// Project

HDL Cholesterol Prediction Program

PythonMachine LearningData ScienceXGBoostScikit-Learn

4.4611

Final RMSE

0.728

CV R²

20+

Engineered Features

7

Base Learners

About this project

A stacked ensemble machine learning model that predicts HDL cholesterol levels from 97 health variables across 1,200 individuals using the 2024 NHANES dataset. Built for the ASA South Florida Student Data Challenge — placed first in the undergraduate category, earning the Excellence Award as the sole recipient.

Key Features

Stacked Ensemble Model

7 diverse base learners — multiple XGBoost configs, LightGBM configs, Gradient Boosting, and Extra Trees — generating out-of-fold predictions fed into a Ridge regression meta-learner to prevent information leakage.

Feature Engineering

Created 20+ engineered features including waist-to-BMI ratio, macronutrient percentage breakdowns, saturated/mono/polyunsaturated fat ratios, body composition x gender interactions, and quadratic terms for age and waist.

EDA & Feature Analysis

Identified waist circumference (r = -0.60), gender (r = +0.52), and BMI (r = -0.48) as dominant predictors.
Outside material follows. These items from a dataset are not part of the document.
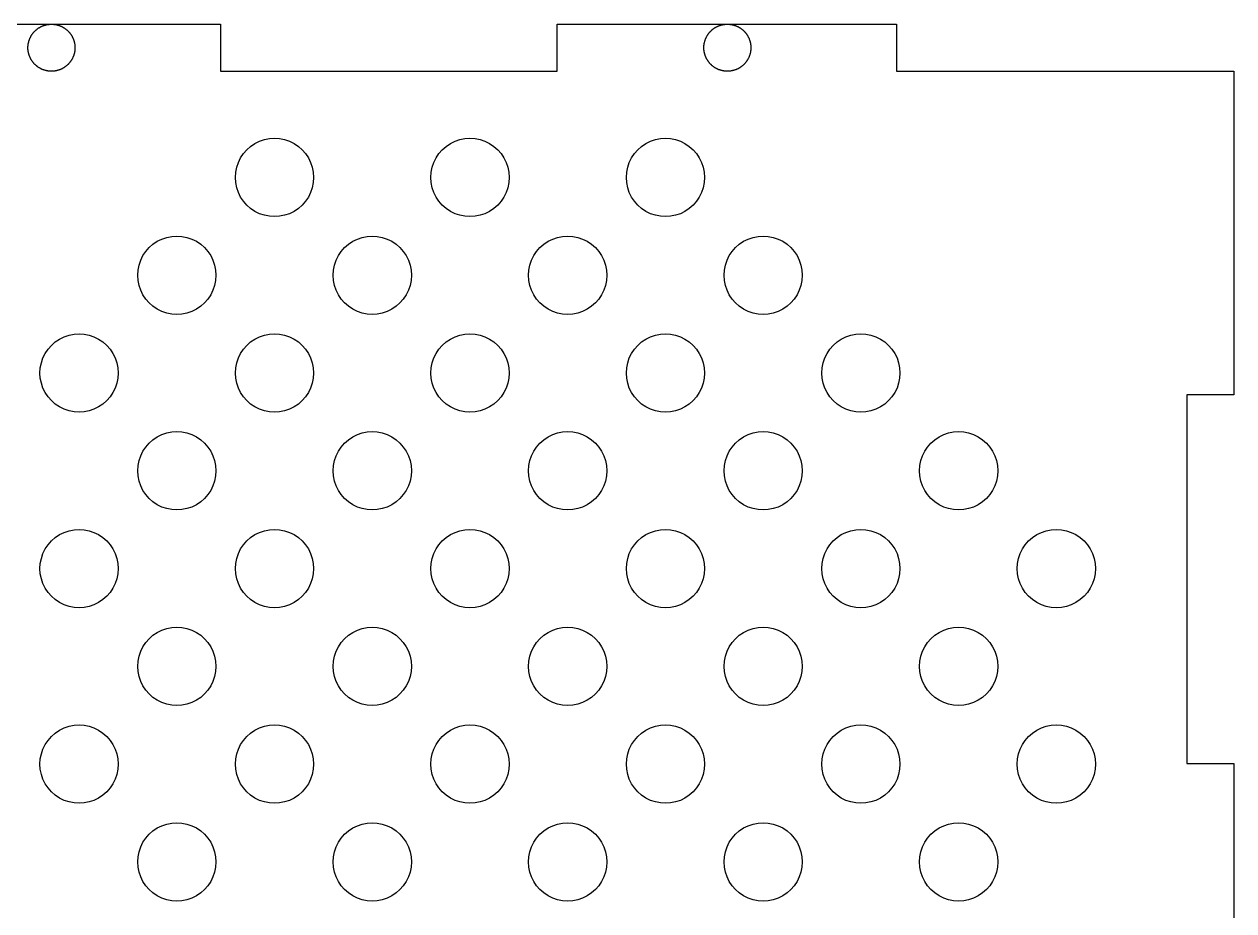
# Model space of a CAD drawing. Header units: millimetres. Extents: x 216 to 763, y 99 to 459.
# Drawn here: x 410.9 to 488.1, y 402 to 458.5 of the extents above; entities that cross this region are included whole.
import ezdxf

# ---------------------------------------------------------------- set-up
doc = ezdxf.new("R2010")
doc.units = ezdxf.units.MM
doc.layers.add('Your_Design', color=7, linetype='CONTINUOUS')

msp = doc.modelspace()

# ---------------------------------------------------------------- linework, layer by layer
at = {"layer": 'Your_Design', "color": 5}
for points in [[(401.808, 458.545), (423.455, 458.545), (423.455, 455.545), (444.951, 455.545), (444.951, 458.545), (466.598, 458.545), (466.598, 455.545), (488.132, 455.545), (488.132, 434.908), (485.132, 434.908), (485.132, 411.383), (488.132, 411.383), (488.132, 387.708), (485.132, 387.708), (485.132, 364.183), (488.132, 364.183), (488.132, 343.545), (466.598, 343.545), (466.598, 340.545), (444.951, 340.545), (444.951, 343.545), (423.455, 343.545), (423.455, 340.545), (401.808, 340.545)], [(414.169, 457.045), (414.169, 457.045), (414.169, 457.019), (414.169, 456.993), (414.169, 456.967), (414.169, 456.941), (414.165, 456.915), (414.162, 456.889), (414.158, 456.863), (414.155, 456.837), (414.151, 456.811), (414.147, 456.785), (414.142, 456.759), (414.136, 456.734), (414.131, 456.708), (414.125, 456.683), (414.118, 456.657), (414.111, 456.632), (414.104, 456.607), (414.096, 456.582), (414.087, 456.557), (414.079, 456.532), (414.069, 456.508), (414.06, 456.484), (414.05, 456.459), (414.039, 456.435), (414.028, 456.412), (414.017, 456.388), (414.006, 456.364), (413.994, 456.341), (413.981, 456.318), (413.968, 456.295), (413.955, 456.273), (413.941, 456.251), (413.927, 456.229), (413.912, 456.207), (413.898, 456.185), (413.882, 456.164), (413.867, 456.143), (413.851, 456.122), (413.835, 456.101), (413.818, 456.081), (413.801, 456.061), (413.784, 456.042), (413.766, 456.022), (413.748, 456.003), (413.73, 455.985), (413.711, 455.966), (413.692, 455.948), (413.673, 455.931), (413.653, 455.913), (413.633, 455.896), (413.613, 455.88), (413.593, 455.863), (413.572, 455.848), (413.551, 455.832), (413.53, 455.817), (413.508, 455.802), (413.486, 455.787), (413.464, 455.773), (413.442, 455.76), (413.419, 455.746), (413.396, 455.734), (413.373, 455.721), (413.35, 455.709), (413.327, 455.697), (413.303, 455.686), (413.279, 455.675), (413.255, 455.665), (413.231, 455.655), (413.207, 455.645), (413.182, 455.636), (413.157, 455.627), (413.133, 455.619), (413.108, 455.611), (413.083, 455.604), (413.057, 455.597), (413.032, 455.59), (413.006, 455.584), (412.981, 455.578), (412.955, 455.573), (412.93, 455.568), (412.904, 455.564), (412.878, 455.56), (412.852, 455.557), (412.826, 455.554), (412.8, 455.551), (412.774, 455.549), (412.748, 455.548), (412.721, 455.546), (412.695, 455.546), (412.669, 455.545), (412.643, 455.546), (412.617, 455.546), (412.591, 455.548), (412.565, 455.549), (412.539, 455.551), (412.513, 455.554), (412.486, 455.557), (412.46, 455.56), (412.435, 455.564), (412.409, 455.568), (412.383, 455.573), (412.357, 455.578), (412.332, 455.584), (412.307, 455.59), (412.281, 455.597), (412.256, 455.604), (412.231, 455.611), (412.206, 455.619), (412.181, 455.627), (412.156, 455.636), (412.132, 455.645), (412.107, 455.655), (412.083, 455.665), (412.059, 455.675), (412.035, 455.686), (412.012, 455.697), (411.988, 455.709), (411.965, 455.721), (411.942, 455.734), (411.919, 455.746), (411.897, 455.76), (411.874, 455.773), (411.852, 455.787), (411.83, 455.802), (411.809, 455.817), (411.788, 455.832), (411.766, 455.848), (411.746, 455.863), (411.725, 455.88), (411.705, 455.896), (411.685, 455.913), (411.666, 455.931), (411.646, 455.948), (411.627, 455.966), (411.608, 455.985), (411.59, 456.003), (411.572, 456.022), (411.554, 456.042), (411.537, 456.061), (411.52, 456.081), (411.504, 456.101), (411.487, 456.122), (411.472, 456.143), (411.456, 456.164), (411.441, 456.185), (411.426, 456.207), (411.412, 456.229), (411.397, 456.251), (411.384, 456.273), (411.37, 456.295), (411.357, 456.318), (411.345, 456.341), (411.333, 456.364), (411.321, 456.388), (411.31, 456.412), (411.299, 456.435), (411.288, 456.459), (411.279, 456.484), (411.269, 456.508), (411.26, 456.532), (411.251, 456.557), (411.243, 456.582), (411.235, 456.607), (411.227, 456.632), (411.22, 456.657), (411.214, 456.683), (411.208, 456.708), (411.202, 456.734), (411.197, 456.759), (411.192, 456.785), (411.188, 456.811), (411.184, 456.837), (411.181, 456.863), (411.177, 456.889), (411.173, 456.915), (411.17, 456.941), (411.166, 456.967), (411.166, 456.993), (411.166, 457.019), (411.166, 457.045), (411.166, 457.072), (411.166, 457.098), (411.166, 457.124), (411.17, 457.15), (411.173, 457.176), (411.177, 457.202), (411.181, 457.228), (411.184, 457.254), (411.188, 457.28), (411.192, 457.306), (411.197, 457.332), (411.202, 457.357), (411.208, 457.383), (411.214, 457.408), (411.22, 457.434), (411.227, 457.459), (411.235, 457.484), (411.243, 457.509), (411.251, 457.534), (411.26, 457.559), (411.269, 457.583), (411.279, 457.607), (411.288, 457.632), (411.299, 457.656), (411.31, 457.679), (411.321, 457.703), (411.333, 457.726), (411.345, 457.75), (411.357, 457.773), (411.37, 457.795), (411.384, 457.818), (411.397, 457.84), (411.412, 457.862), (411.426, 457.884), (411.441, 457.906), (411.456, 457.927), (411.472, 457.948), (411.487, 457.969), (411.504, 457.989), (411.52, 458.01), (411.537, 458.03), (411.554, 458.049), (411.572, 458.068), (411.59, 458.087), (411.608, 458.106), (411.627, 458.125), (411.646, 458.143), (411.666, 458.16), (411.685, 458.178), (411.705, 458.195), (411.725, 458.211), (411.746, 458.228), (411.766, 458.243), (411.788, 458.259), (411.809, 458.274), (411.83, 458.289), (411.852, 458.304), (411.874, 458.318), (411.897, 458.331), (411.919, 458.345), (411.942, 458.357), (411.965, 458.37), (411.988, 458.382), (412.012, 458.394), (412.035, 458.405), (412.059, 458.416), (412.083, 458.426), (412.107, 458.436), (412.132, 458.446), (412.156, 458.455), (412.181, 458.464), (412.206, 458.472), (412.231, 458.48), (412.256, 458.487), (412.281, 458.494), (412.307, 458.501), (412.332, 458.507), (412.357, 458.513), (412.383, 458.518), (412.409, 458.523), (412.435, 458.527), (412.46, 458.531), (412.486, 458.534), (412.513, 458.537), (412.539, 458.54), (412.565, 458.542), (412.591, 458.543), (412.617, 458.545), (412.643, 458.545), (412.669, 458.545), (412.695, 458.545), (412.721, 458.545), (412.748, 458.543), (412.774, 458.542), (412.8, 458.54), (412.826, 458.537), (412.852, 458.534), (412.878, 458.531), (412.904, 458.527), (412.93, 458.523), (412.955, 458.518), (412.981, 458.513), (413.006, 458.507), (413.032, 458.501), (413.057, 458.494), (413.083, 458.487), (413.108, 458.48), (413.133, 458.472), (413.157, 458.464), (413.182, 458.455), (413.207, 458.446), (413.231, 458.436), (413.255, 458.426), (413.279, 458.416), (413.303, 458.405), (413.327, 458.394), (413.35, 458.382), (413.373, 458.37), (413.396, 458.357), (413.419, 458.345), (413.442, 458.331), (413.464, 458.318), (413.486, 458.304), (413.508, 458.289), (413.53, 458.274), (413.551, 458.259), (413.572, 458.243), (413.593, 458.228), (413.613, 458.211), (413.633, 458.195), (413.653, 458.178), (413.673, 458.16), (413.692, 458.143), (413.711, 458.125), (413.73, 458.106), (413.748, 458.087), (413.766, 458.068), (413.784, 458.049), (413.801, 458.03), (413.818, 458.01), (413.835, 457.989), (413.851, 457.969), (413.867, 457.948), (413.882, 457.927), (413.898, 457.906), (413.912, 457.884), (413.927, 457.862), (413.941, 457.84), (413.955, 457.818), (413.968, 457.795), (413.981, 457.773), (413.994, 457.75), (414.006, 457.726), (414.017, 457.703), (414.028, 457.679), (414.039, 457.656), (414.05, 457.632), (414.06, 457.607), (414.069, 457.583), (414.079, 457.559), (414.087, 457.534), (414.096, 457.509), (414.104, 457.484), (414.111, 457.459), (414.118, 457.434), (414.125, 457.408), (414.131, 457.383), (414.136, 457.357), (414.142, 457.332), (414.147, 457.306), (414.151, 457.28), (414.155, 457.254), (414.158, 457.228), (414.162, 457.202), (414.165, 457.176), (414.169, 457.15), (414.169, 457.124), (414.169, 457.098), (414.169, 457.072), (414.169, 457.045)], [(457.312, 457.045), (457.312, 457.045), (457.312, 457.019), (457.312, 456.993), (457.312, 456.967), (457.308, 456.941), (457.305, 456.915), (457.301, 456.889), (457.298, 456.863), (457.294, 456.837), (457.29, 456.811), (457.286, 456.785), (457.281, 456.759), (457.276, 456.734), (457.27, 456.708), (457.264, 456.683), (457.258, 456.657), (457.251, 456.632), (457.243, 456.607), (457.236, 456.582), (457.227, 456.557), (457.218, 456.532), (457.209, 456.508), (457.2, 456.484), (457.19, 456.459), (457.179, 456.435), (457.168, 456.412), (457.157, 456.388), (457.145, 456.364), (457.133, 456.341), (457.121, 456.318), (457.108, 456.295), (457.094, 456.273), (457.081, 456.251), (457.067, 456.229), (457.052, 456.207), (457.037, 456.185), (457.022, 456.164), (457.007, 456.143), (456.991, 456.122), (456.974, 456.101), (456.958, 456.081), (456.941, 456.061), (456.924, 456.042), (456.906, 456.022), (456.888, 456.003), (456.87, 455.985), (456.851, 455.966), (456.832, 455.948), (456.813, 455.931), (456.793, 455.913), (456.773, 455.896), (456.753, 455.88), (456.732, 455.863), (456.712, 455.848), (456.691, 455.832), (456.669, 455.817), (456.648, 455.802), (456.626, 455.787), (456.604, 455.773), (456.581, 455.76), (456.559, 455.746), (456.536, 455.734), (456.513, 455.721), (456.49, 455.709), (456.466, 455.697), (456.443, 455.686), (456.419, 455.675), (456.395, 455.665), (456.371, 455.655), (456.347, 455.645), (456.322, 455.636), (456.297, 455.627), (456.272, 455.619), (456.247, 455.611), (456.222, 455.604), (456.197, 455.597), (456.172, 455.59), (456.146, 455.584), (456.121, 455.578), (456.095, 455.573), (456.069, 455.568), (456.044, 455.564), (456.018, 455.56), (455.992, 455.557), (455.966, 455.554), (455.939, 455.551), (455.913, 455.549), (455.887, 455.548), (455.861, 455.546), (455.835, 455.546), (455.809, 455.545), (455.783, 455.546), (455.757, 455.546), (455.731, 455.548), (455.704, 455.549), (455.678, 455.551), (455.652, 455.554), (455.626, 455.557), (455.6, 455.56), (455.574, 455.564), (455.549, 455.568), (455.523, 455.573), (455.497, 455.578), (455.472, 455.584), (455.446, 455.59), (455.421, 455.597), (455.395, 455.604), (455.37, 455.611), (455.345, 455.619), (455.321, 455.627), (455.296, 455.636), (455.272, 455.645), (455.247, 455.655), (455.223, 455.665), (455.199, 455.675), (455.175, 455.686), (455.151, 455.697), (455.128, 455.709), (455.105, 455.721), (455.082, 455.734), (455.059, 455.746), (455.036, 455.76), (455.014, 455.773), (454.992, 455.787), (454.97, 455.802), (454.948, 455.817), (454.927, 455.832), (454.906, 455.848), (454.885, 455.863), (454.865, 455.88), (454.845, 455.896), (454.825, 455.913), (454.805, 455.931), (454.786, 455.948), (454.767, 455.966), (454.748, 455.985), (454.73, 456.003), (454.712, 456.022), (454.694, 456.042), (454.677, 456.061), (454.66, 456.081), (454.643, 456.101), (454.627, 456.122), (454.611, 456.143), (454.596, 456.164), (454.581, 456.185), (454.566, 456.207), (454.551, 456.229), (454.537, 456.251), (454.523, 456.273), (454.51, 456.295), (454.497, 456.318), (454.485, 456.341), (454.473, 456.364), (454.461, 456.388), (454.45, 456.412), (454.439, 456.435), (454.428, 456.459), (454.418, 456.484), (454.409, 456.508), (454.4, 456.532), (454.391, 456.557), (454.382, 456.582), (454.375, 456.607), (454.367, 456.632), (454.36, 456.657), (454.353, 456.683), (454.347, 456.708), (454.342, 456.734), (454.336, 456.759), (454.331, 456.785), (454.327, 456.811), (454.323, 456.837), (454.32, 456.863), (454.316, 456.889), (454.313, 456.915), (454.309, 456.941), (454.306, 456.967), (454.306, 456.993), (454.306, 457.019), (454.305, 457.045), (454.306, 457.072), (454.306, 457.098), (454.306, 457.124), (454.309, 457.15), (454.313, 457.176), (454.316, 457.202), (454.32, 457.228), (454.323, 457.254), (454.327, 457.28), (454.331, 457.306), (454.336, 457.332), (454.342, 457.357), (454.347, 457.383), (454.353, 457.408), (454.36, 457.434), (454.367, 457.459), (454.375, 457.484), (454.382, 457.509), (454.391, 457.534), (454.4, 457.559), (454.409, 457.583), (454.418, 457.607), (454.428, 457.632), (454.439, 457.656), (454.45, 457.679), (454.461, 457.703), (454.473, 457.726), (454.485, 457.75), (454.497, 457.773), (454.51, 457.795), (454.523, 457.818), (454.537, 457.84), (454.551, 457.862), (454.566, 457.884), (454.581, 457.906), (454.596, 457.927), (454.611, 457.948), (454.627, 457.969), (454.643, 457.989), (454.66, 458.01), (454.677, 458.03), (454.694, 458.049), (454.712, 458.068), (454.73, 458.087), (454.748, 458.106), (454.767, 458.125), (454.786, 458.143), (454.805, 458.16), (454.825, 458.178), (454.845, 458.195), (454.865, 458.211), (454.885, 458.228), (454.906, 458.243), (454.927, 458.259), (454.948, 458.274), (454.97, 458.289), (454.992, 458.304), (455.014, 458.318), (455.036, 458.331), (455.059, 458.345), (455.082, 458.357), (455.105, 458.37), (455.128, 458.382), (455.151, 458.394), (455.175, 458.405), (455.199, 458.416), (455.223, 458.426), (455.247, 458.436), (455.272, 458.446), (455.296, 458.455), (455.321, 458.464), (455.345, 458.472), (455.37, 458.48), (455.395, 458.487), (455.421, 458.494), (455.446, 458.501), (455.472, 458.507), (455.497, 458.513), (455.523, 458.518), (455.549, 458.523), (455.574, 458.527), (455.6, 458.531), (455.626, 458.534), (455.652, 458.537), (455.678, 458.54), (455.704, 458.542), (455.731, 458.543), (455.757, 458.545), (455.783, 458.545), (455.809, 458.545), (455.835, 458.545), (455.861, 458.545), (455.887, 458.543), (455.913, 458.542), (455.939, 458.54), (455.966, 458.537), (455.992, 458.534), (456.018, 458.531), (456.044, 458.527), (456.069, 458.523), (456.095, 458.518), (456.121, 458.513), (456.146, 458.507), (456.172, 458.501), (456.197, 458.494), (456.222, 458.487), (456.247, 458.48), (456.272, 458.472), (456.297, 458.464), (456.322, 458.455), (456.347, 458.446), (456.371, 458.436), (456.395, 458.426), (456.419, 458.416), (456.443, 458.405), (456.466, 458.394), (456.49, 458.382), (456.513, 458.37), (456.536, 458.357), (456.559, 458.345), (456.581, 458.331), (456.604, 458.318), (456.626, 458.304), (456.648, 458.289), (456.669, 458.274), (456.691, 458.259), (456.712, 458.243), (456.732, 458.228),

Most dietary variables individually had weak correlations (|r| < 0.15–0.20).

5-Fold Cross-Validation

Tested Ridge regression, Random Forest, Gradient Boosting, XGBoost, and LightGBM as baselines before building the final stacked ensemble.

Research Report

4-page professional PDF with target distribution chart, feature correlation chart, stacking architecture diagram, feature importance plot, performance tables, and clinical interpretation.

Tech Stack

PythonXGBoostLightGBMScikit-LearnPandasNumPyMatplotlib

Development Roadmap

Data Acquisition & EDA
Feature Engineering
Model Selection & Baseline
Stacked Ensemble Architecture
Results & Competition Outcome

Challenges & Solutions

Noise-Perturbed Target Variable

The HDL cholesterol target had a noise floor of ~3.5–4.0 RMSE baked in, creating a hard ceiling on accuracy that no model could break through.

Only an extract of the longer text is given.